Robot End Effector: Definition and Examples
Posted on Feb 17, 2014 9:34 AM. 3 min read time
End Effector Definition
End effector is a generic term that includes all the devices that can be intalled at a robot wrist. Synonyms of end effector are end of arm tooling (or EOAT), robot peripherals or robot accessories although these last two terms are not as precise and can include devices that are not necessarily installed and the end of the robot arm.
End Effector Types
Classic examples for industrial robots are listed below.
Grippers are the most common type of end effector. They can use different gripping methods and actuation styles. You can read about this topic in our article on how to choose the right gripper for your application.
Brands of robot grippers include Schunk, Robohand, PHD, SOMMER and, of course, Robotiq.
Force-torque sensors (FT sensors) are pucks installed between the robot flange and the tool that interacts with the part. They measure the force and torque that the robot applies to the part through the tool.
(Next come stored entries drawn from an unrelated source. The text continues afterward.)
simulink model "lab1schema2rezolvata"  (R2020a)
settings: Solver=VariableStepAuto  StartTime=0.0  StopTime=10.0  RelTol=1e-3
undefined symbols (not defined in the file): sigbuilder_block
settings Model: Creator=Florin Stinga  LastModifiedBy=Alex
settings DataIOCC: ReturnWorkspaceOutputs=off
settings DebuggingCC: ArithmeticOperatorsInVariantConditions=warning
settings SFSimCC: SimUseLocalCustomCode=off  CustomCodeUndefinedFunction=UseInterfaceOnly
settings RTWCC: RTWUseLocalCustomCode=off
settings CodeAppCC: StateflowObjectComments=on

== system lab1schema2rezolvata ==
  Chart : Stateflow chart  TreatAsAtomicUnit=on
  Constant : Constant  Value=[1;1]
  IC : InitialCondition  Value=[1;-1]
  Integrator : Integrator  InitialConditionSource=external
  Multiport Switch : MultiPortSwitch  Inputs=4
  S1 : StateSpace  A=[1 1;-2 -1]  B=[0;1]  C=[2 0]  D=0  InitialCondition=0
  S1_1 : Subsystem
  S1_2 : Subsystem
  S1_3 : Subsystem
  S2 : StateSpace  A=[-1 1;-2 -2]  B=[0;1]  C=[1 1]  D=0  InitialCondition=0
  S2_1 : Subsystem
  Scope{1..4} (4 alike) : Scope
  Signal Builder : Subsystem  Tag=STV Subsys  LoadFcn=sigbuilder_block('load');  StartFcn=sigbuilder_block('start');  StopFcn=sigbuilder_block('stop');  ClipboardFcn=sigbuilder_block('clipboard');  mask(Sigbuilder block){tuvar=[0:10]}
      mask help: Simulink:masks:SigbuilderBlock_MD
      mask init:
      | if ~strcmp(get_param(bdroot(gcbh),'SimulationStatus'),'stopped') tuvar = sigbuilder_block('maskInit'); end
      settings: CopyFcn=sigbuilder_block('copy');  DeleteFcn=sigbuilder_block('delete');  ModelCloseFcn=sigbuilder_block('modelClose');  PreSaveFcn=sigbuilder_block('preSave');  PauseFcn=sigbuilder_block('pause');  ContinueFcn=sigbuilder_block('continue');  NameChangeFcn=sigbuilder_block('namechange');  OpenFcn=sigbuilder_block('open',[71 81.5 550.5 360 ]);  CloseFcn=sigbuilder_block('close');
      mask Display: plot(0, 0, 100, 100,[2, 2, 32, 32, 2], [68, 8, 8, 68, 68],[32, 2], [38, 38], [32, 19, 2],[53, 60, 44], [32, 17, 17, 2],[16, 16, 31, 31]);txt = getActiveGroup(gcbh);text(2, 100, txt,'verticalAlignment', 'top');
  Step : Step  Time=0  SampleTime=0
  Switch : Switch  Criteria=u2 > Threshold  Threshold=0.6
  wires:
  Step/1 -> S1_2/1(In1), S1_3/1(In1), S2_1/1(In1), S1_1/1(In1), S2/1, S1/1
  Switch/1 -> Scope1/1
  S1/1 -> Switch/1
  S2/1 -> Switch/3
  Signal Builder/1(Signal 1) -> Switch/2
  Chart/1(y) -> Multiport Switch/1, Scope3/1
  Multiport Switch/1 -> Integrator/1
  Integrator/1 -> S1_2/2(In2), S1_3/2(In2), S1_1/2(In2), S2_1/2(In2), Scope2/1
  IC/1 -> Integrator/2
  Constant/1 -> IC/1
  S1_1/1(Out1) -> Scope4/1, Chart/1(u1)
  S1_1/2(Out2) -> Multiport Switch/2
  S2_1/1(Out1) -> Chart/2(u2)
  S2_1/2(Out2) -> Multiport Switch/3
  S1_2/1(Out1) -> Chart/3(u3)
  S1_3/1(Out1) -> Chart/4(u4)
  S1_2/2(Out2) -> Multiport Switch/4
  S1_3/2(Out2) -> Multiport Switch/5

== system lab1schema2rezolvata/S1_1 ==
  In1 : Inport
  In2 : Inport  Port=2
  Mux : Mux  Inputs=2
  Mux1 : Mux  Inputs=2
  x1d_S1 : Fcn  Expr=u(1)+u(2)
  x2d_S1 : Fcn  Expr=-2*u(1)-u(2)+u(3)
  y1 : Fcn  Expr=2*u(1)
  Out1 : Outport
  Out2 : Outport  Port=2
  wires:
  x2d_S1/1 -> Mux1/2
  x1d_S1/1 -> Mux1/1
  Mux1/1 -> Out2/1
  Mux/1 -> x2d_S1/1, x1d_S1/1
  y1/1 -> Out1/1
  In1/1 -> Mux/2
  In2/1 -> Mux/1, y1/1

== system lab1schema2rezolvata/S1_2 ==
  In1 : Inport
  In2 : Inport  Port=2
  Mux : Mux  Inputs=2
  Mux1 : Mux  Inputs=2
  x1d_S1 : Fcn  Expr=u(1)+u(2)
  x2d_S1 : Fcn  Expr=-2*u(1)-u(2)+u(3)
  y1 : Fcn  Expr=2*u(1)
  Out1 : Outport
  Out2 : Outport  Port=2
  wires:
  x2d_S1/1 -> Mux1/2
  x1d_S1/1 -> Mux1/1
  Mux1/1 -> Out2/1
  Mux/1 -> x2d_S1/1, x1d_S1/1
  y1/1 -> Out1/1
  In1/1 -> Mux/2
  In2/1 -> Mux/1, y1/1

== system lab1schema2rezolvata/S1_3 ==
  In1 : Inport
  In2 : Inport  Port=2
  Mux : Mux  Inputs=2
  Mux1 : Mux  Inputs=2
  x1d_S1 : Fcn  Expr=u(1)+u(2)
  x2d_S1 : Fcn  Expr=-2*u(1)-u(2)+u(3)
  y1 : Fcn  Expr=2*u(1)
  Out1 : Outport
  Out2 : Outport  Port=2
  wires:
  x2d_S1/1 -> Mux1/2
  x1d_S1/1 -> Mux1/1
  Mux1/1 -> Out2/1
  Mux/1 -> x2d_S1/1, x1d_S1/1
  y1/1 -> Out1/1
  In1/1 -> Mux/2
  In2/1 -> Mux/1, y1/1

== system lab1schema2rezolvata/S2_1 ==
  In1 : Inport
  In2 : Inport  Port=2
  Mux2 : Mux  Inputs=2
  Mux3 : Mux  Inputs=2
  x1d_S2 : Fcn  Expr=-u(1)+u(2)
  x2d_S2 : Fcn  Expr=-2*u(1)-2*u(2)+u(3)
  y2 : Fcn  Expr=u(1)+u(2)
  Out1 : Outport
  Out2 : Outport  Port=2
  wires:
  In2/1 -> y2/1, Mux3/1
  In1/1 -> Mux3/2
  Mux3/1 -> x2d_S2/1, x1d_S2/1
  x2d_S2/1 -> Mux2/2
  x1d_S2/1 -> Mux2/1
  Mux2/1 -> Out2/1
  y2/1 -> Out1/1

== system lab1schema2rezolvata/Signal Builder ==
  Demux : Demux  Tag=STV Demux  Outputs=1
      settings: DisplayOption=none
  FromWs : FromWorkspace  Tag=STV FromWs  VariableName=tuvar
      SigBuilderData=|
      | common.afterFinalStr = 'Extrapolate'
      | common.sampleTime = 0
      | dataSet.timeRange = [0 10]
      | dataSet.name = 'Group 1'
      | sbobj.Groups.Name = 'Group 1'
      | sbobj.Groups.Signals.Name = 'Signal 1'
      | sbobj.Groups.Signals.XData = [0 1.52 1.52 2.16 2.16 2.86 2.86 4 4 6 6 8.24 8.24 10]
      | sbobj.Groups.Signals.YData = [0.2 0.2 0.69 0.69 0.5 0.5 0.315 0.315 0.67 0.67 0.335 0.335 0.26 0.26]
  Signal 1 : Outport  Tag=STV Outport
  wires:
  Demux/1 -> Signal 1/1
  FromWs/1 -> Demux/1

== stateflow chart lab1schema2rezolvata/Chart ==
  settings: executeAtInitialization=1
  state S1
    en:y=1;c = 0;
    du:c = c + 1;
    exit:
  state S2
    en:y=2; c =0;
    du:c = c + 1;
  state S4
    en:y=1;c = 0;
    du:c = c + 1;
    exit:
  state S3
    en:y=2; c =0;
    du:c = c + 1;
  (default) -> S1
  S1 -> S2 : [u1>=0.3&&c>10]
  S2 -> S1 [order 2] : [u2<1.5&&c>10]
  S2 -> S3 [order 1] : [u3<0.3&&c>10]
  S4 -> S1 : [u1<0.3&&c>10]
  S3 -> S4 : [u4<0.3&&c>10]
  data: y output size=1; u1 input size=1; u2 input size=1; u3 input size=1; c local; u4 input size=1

They are called 6 axis force-torque sensors because they measure 3 force components (x-y-z) and 3 torques around those axes. FT sensors are used when the force that the robot applies need to be controlled. Typical applications can be part insertion, assembly, deburring, sanding, etc.
Brands of force-torque sensors include ATI, JR3 and Robotiq.
Material Removal Tools
This category includes cutting, drilling and deburring tools installed as robot tools.
Brands of robot cutting tools include ATI and RAD
Welding is a very popular robotic application. Welding torches have thus become very efficient end effectors that can be controlled in a sophisticated way for optimized welding. Some torches also come with wire feeder for an even better control of the process.
Brands of robot welding torches are Tregaskiss, Binzel, SKS and Fronius.
Collision sensors are used to prevent damaging the robot tooling and the parts being processed. They can disengage or send a signal to the robot to stop at any moment when a collision is detected.
Brands of collision sensors are ATI, RAD and Applied Robotics.
Tool changers are used when many different end effectors need to be used in sequence by one robot. They are used to standardized the interface between the robot flange and the base of the tool. They can be manual or automatic.
Brands of tool changers are ATI, RAD, Applied Robotics and De-Sta-Co.
End Effector Control
The control of the end effector is done by the robot controller. For the simpler ones, discrete I/Os will be used. For end effectors that need to communicate more information to and from the robot, industrial communication protocols are used.
End Effector Design
For very special jobs, the end effector will be custom made by the people involved in the process. It can be a specialized robotic integrator or the end-user. For basic jobs, off-the-shelf components are preferred to reduce the cost and the meantime between failures that can be lower for custom designs.
The 2-Finger 85 Adaptive Gripper is an example of an electric gripper end effector, controlled by standard communication protocols, intended at applications such as high-mix assembly.